Stop tagging tokens with coordinates; bias the scores by distance instead
Absolute schemes (learned tables, sinusoids) stamp a coordinate onto each token and trust the network to compute differences. But the quantity attention actually needs — "how far apart are the query and this key?" — is a property of the pair, and attention already has a place where every pair meets: the logit sij. So put position there.
Tokens carry no position at all. The model sees "this key is 7 back" directly, never "this key is at 1840 and I am at 1847". The family of methods differs only in what the function b is.
Train an absolute-position model on sequences of length 1024 and ask it to handle 2048. Positions 1025–2048 are entries the embedding table has no rows for, or sinusoid readings the network never learned to decode. Worse, even within the trained range the model has learned position-specific quirks (row 512 means whatever the data at position 512 tended to look like), which is memorisation of coordinates, not understanding of order.
A relative scheme cannot make that mistake by construction: offset 7 at position 100 and offset 7 at position 100,000 are literally the same input to b. The statistics of small offsets are abundant at every training length, so the function b is well-trained wherever it is evaluated. Length generalisation stops being an extrapolation problem and becomes an interpolation one.

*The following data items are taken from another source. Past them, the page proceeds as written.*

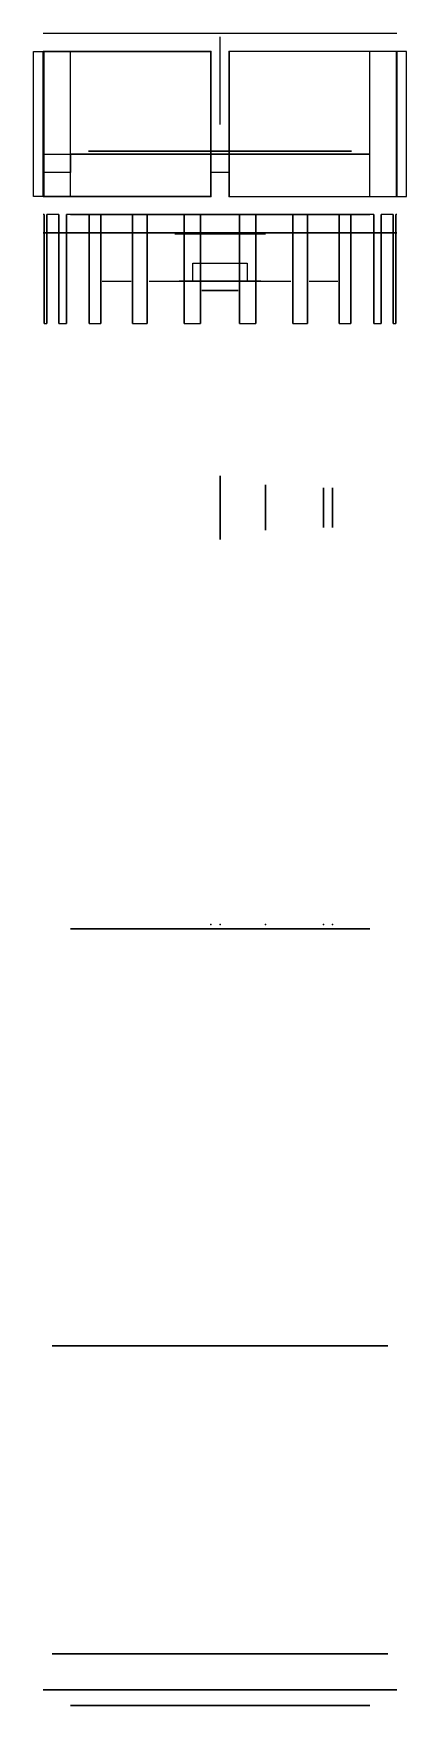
# Model space of a CAD drawing. Header units: millimetres. Extents: x -103 to 103, y -431 to 492.
import ezdxf

# ---------------------------------------------------------------- set-up
doc = ezdxf.new("R2010")
doc.units = ezdxf.units.MM
doc.header["$MEASUREMENT"] = 0
for name, color, linetype in [('AUV v27_EndNut_Aft', 7, 'Continuous'), ('AUV v27_EndNut_Bow', 7, 'Continuous'), ('AUV v27_Head', 7, 'Continuous'), ('AUV v27_Lower_Ballast_Scoop', 7, 'Continuous'), ('AUV v27_Lower_Fastners_Inner', 7, 'Continuous'), ('AUV v27_Lower_Fastners_Outer', 7, 'Continuous'), ('AUV v27_MotorHousing_Cutout', 7, 'Continuous'), ('AUV v27_OuterThreads', 7, 'Continuous'), ('AUV v27_Profile', 7, 'Continuous'), ('AUV v27_Prop_Shaft_Support', 7, 'Continuous'), ('AUV v27_Prop_Support1', 7, 'Continuous'), ('AUV v27_Prop_Support2', 7, 'Continuous'), ('AUV v27_Side_Fastners', 7, 'Continuous'), ('AUV v27_Sketch19', 7, 'Continuous'), ('AUV v27_Sketch20', 7, 'Continuous'), ('AUV v27_Sketch21', 7, 'Continuous'), ('AUV v27_Sketch22', 7, 'Continuous'), ('AUV v27_Sketch23', 7, 'Continuous'), ('AUV v27_Sketch26', 7, 'Continuous'), ('AUV v27_Sketch28', 7, 'Continuous'), ('AUV v27_Sketch30', 7, 'Continuous'), ('AUV v27_Sketch35', 7, 'Continuous'), ('AUV v27_Sketch38', 7, 'Continuous'), ('AUV v27_Sketch39', 7, 'Continuous'), ('AUV v27_Sketch41', 7, 'Continuous'), ('AUV v27_Sketch42', 7, 'Continuous'), ('AUV v27_Sketch43', 7, 'Continuous'), ('AUV v27_Sketch44', 7, 'Continuous'), ('AUV v27_Sketch45', 7, 'Continuous'), ('AUV v27_Sketch52', 7, 'Continuous'), ('AUV v27_Upper_Fastners_Inner', 7, 'Continuous'), ('AUV v27_Upper_Fastners_Outer', 7, 'Continuous')]:
    doc.layers.add(name, color=color, linetype=linetype)

msp = doc.modelspace()

# ---------------------------------------------------------------- linework, layer by layer
at = {"layer": 'AUV v27_EndNut_Aft'}
for p, q in [((-87.17, 381.7, 2.62), (-77.7, 381.7, 2.62)), ((-77.7, 381.7, 2.62), (-77.7, 381.7, -14.38)), ((-77.7, 381.7, -14.38), (-72.5, 381.7, -14.38)), ((-72.5, 381.7, -14.38), (-72.5, 381.7, 2.62)), ((-72.5, 381.7, 2.62), (-65, 381.7, 2.62)), ((-49.08, 381.7, -40), (49.08, 381.7, -40)), ((65, 381.7, 2.62), (72.5, 381.7, 2.62)), ((72.5, 381.7, -14.38), (77.7, 381.7, -14.38)), ((72.5, 381.7, 2.62), (72.5, 381.7, -14.38)), ((77.7, 381.7, 2.62), (83.86, 381.7, 2.62)), ((77.7, 381.7, -14.38), (77.7, 381.7, 2.62))]:
    msp.add_line(p, q, dxfattribs=at)
at = {"layer": 'AUV v27_EndNut_Aft', "extrusion": (0, 1, 0)}
for centre, radius in [((0, 2.62, 381.7), 97.5), ((0, 2.62, 381.7), 97.5), ((0, 2.62, 381.7), 82.5), ((0, 2.62, 381.7), 72.5), ((0, 2.62, 381.7), 72.5), ((0, 110, 381.7), 15), ((0, 110, 381.7), 15)]:
    msp.add_circle(centre, radius, dxfattribs=at)
for radius, start, end in [(65, 319.03081, 0), (83.86, 180, 245.49063), (65, 180, 220.96919)]:
    msp.add_arc((0, 2.62, 381.7), radius, start, end, dxfattribs=at)
at = {"layer": 'AUV v27_EndNut_Aft'}
msp.add_open_spline([(34.79, 381.7, -73.69), (24.91, 381.7, -78.43), (14.2, 381.7, -81.19), (-7.77, 381.7, -82.47), (-18.82, 381.7, -80.94), (-39.78, 381.7, -73.73), (-49.49, 381.7, -68.08), (-66.28, 381.7, -53.34), (-73.17, 381.7, -44.36), (-81.54, 381.7, -27.49), (-84.01, 381.7, -20.24), (-86.51, 381.7, -7.69), (-87.07, 381.7, -2.54), (-87.17, 381.7, 2.62)], degree=3, knots=[0, 0, 0, 0, 3.287798, 3.287798, 6.600211, 6.600211, 9.937237, 9.937237, 13.298871, 13.298871, 15.584611, 15.584611, 17.134987, 17.134987, 17.134987, 17.134987], dxfattribs=at)
for p in [(0, 381.7, 2.62), (0, 381.7), (0, 381.7, 110)]:
    msp.add_point(p, dxfattribs=at)
at = {"layer": 'AUV v27_EndNut_Bow'}
for p, q in [((-85.44, -422.5, 2.62), (-77.5, -422.5, 2.62)), ((-77.5, -422.5, 2.62), (-77.5, -422.5, -10.38)), ((-77.5, -422.5, -10.38), (-72.5, -422.5, -10.38)), ((-72.5, -422.5, -10.38), (-72.5, -422.5, 2.62)), ((-72.5, -422.5, 2.62), (-65, -422.5, 2.62)), ((-65, -422.5, 2.62), (-65, -422.5, 44.82)), ((65, -422.5, 44.82), (65, -422.5, 2.62)), ((65, -422.5, 2.62), (72.5, -422.5, 2.62)), ((72.5, -422.5, -10.38), (77.5, -422.5, -10.38)), ((72.5, -422.5, 2.62), (72.5, -422.5, -10.38)), ((77.5, -422.5, -10.38), (77.5, -422.5, 2.62)), ((77.5, -422.5, 2.62), (85.44, -422.5, 2.62))]:
    msp.add_line(p, q, dxfattribs=at)
at = {"layer": 'AUV v27_EndNut_Bow', "extrusion": (0, -1, 0)}
for centre, radius in [((0, 2.62, 422.5), 97.5), ((0, 2.62, 422.5), 82.5), ((0, 2.62, 422.5), 72.5), ((0, 110, 422.5), 15)]:
    msp.add_circle(centre, radius, dxfattribs=at)
for radius, start, end in [(77.5, 32.99589, 147.00411), (83.86, 54.50937, 125.49063)]:
    msp.add_arc((0, 2.62, 422.5), radius, start, end, dxfattribs=at)
at = {"layer": 'AUV v27_EndNut_Bow'}
for points, knots in [([(-48.69, -422.5, 70.9), (-57.74, -422.5, 64.71), (-65.48, -422.5, 56.82), (-77.57, -422.5, 38.43), (-81.77, -422.5, 28.1), (-84.82, -422.5, 12.42), (-85.34, -422.5, 7.52), (-85.44, -422.5, 2.62)], [0, 0, 0, 0, 3.287798, 3.287798, 6.600211, 6.600211, 8.078507, 8.078507, 8.078507, 8.078507]), ([(85.44, -422.5, 2.62), (85.42, -422.5, 3.62), (85.38, -422.5, 4.61), (84.72, -422.5, 16.67), (81.97, -422.5, 27.51), (74.03, -422.5, 44.22), (69.96, -422.5, 50.49), (60.32, -422.5, 61.76), (54.79, -422.5, 66.72), (48.69, -422.5, 70.9)], [9.819701, 9.819701, 9.819701, 9.819701, 10.119768, 10.119768, 13.443766, 13.443766, 15.675983, 15.675983, 17.896806, 17.896806, 17.896806, 17.896806])]:
    msp.add_open_spline(points, degree=3, knots=knots, dxfattribs=at)
for p in [(0, -422.5), (0, -422.5, 2.62), (82.5, -422.5, 2.62)]:
    msp.add_point(p, dxfattribs=at)
at = {"layer": 'AUV v27_Head', "extrusion": (0, 1, 0)}
for radius in [82.5, 82.5, 72.5, 72.5]:
    msp.add_circle((0, 2.62, -431.1), radius, dxfattribs=at)
at = {"layer": 'AUV v27_Head'}
msp.add_point((0, -431.1), dxfattribs=at)
at = {"layer": 'AUV v27_Lower_Ballast_Scoop'}
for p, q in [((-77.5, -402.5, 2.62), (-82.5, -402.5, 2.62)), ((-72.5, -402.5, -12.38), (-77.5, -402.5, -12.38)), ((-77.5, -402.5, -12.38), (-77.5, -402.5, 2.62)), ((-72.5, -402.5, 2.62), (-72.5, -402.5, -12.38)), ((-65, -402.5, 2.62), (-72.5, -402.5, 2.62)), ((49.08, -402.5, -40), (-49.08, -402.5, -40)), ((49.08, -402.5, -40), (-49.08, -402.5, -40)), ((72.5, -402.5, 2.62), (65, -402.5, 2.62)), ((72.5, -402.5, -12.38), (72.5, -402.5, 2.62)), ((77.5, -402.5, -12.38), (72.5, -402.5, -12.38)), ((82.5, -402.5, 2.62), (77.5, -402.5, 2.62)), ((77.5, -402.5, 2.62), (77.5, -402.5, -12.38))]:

| Method | b(i − j) is… | Parameters | Beyond trained length |
|---|---|---|---|
| Shaw et al. 2018 | learned embedding per offset, clipped at ±k; (originally added to keys, later simplified to a logit bias) | 2k+1 vectors per layer | clipping helps; offsets past k all map to the edge bucket |
| T5 buckets | learned scalar per bucket: exact buckets for small offsets, log-spaced buckets for large ones, shared across layers | ~32 scalars per head | decent; far offsets share the "very far" bucket |
| ALiBi | not learned at all: −m·|i − j|, a linear penalty with a fixed per-head slope m (slopes a geometric sequence across heads) | zero | best in class; the penalty extends to any distance by definition |
The progression is a steady removal of machinery. Shaw learns a vector per offset; T5 compresses to a scalar per bucket; ALiBi deletes the learning entirely and hard-codes "nearer is more relevant", letting different heads decay at different rates so some stay long-sighted. That such a blunt prior works tells you most of what position information does in practice: it implements recency.
Two shapes of b. T5 learns a coarse staircase over offsets; ALiBi fixes a straight penalty whose slope varies by head.
A scalar bias added to the logit is position information of the cheapest kind: it can make distance globally attractive or repulsive, but it cannot make the content match itself depend on position. "Attend to the token 3 back if it is a verb" requires position to interact with the query and key vectors, which a fixed additive term cannot do (Shaw's vector form can, at more cost). RoPE sits at exactly this gap — it puts the offset inside the q·k product, where it multiplies content rather than being added beside it, which is a large part of why it won.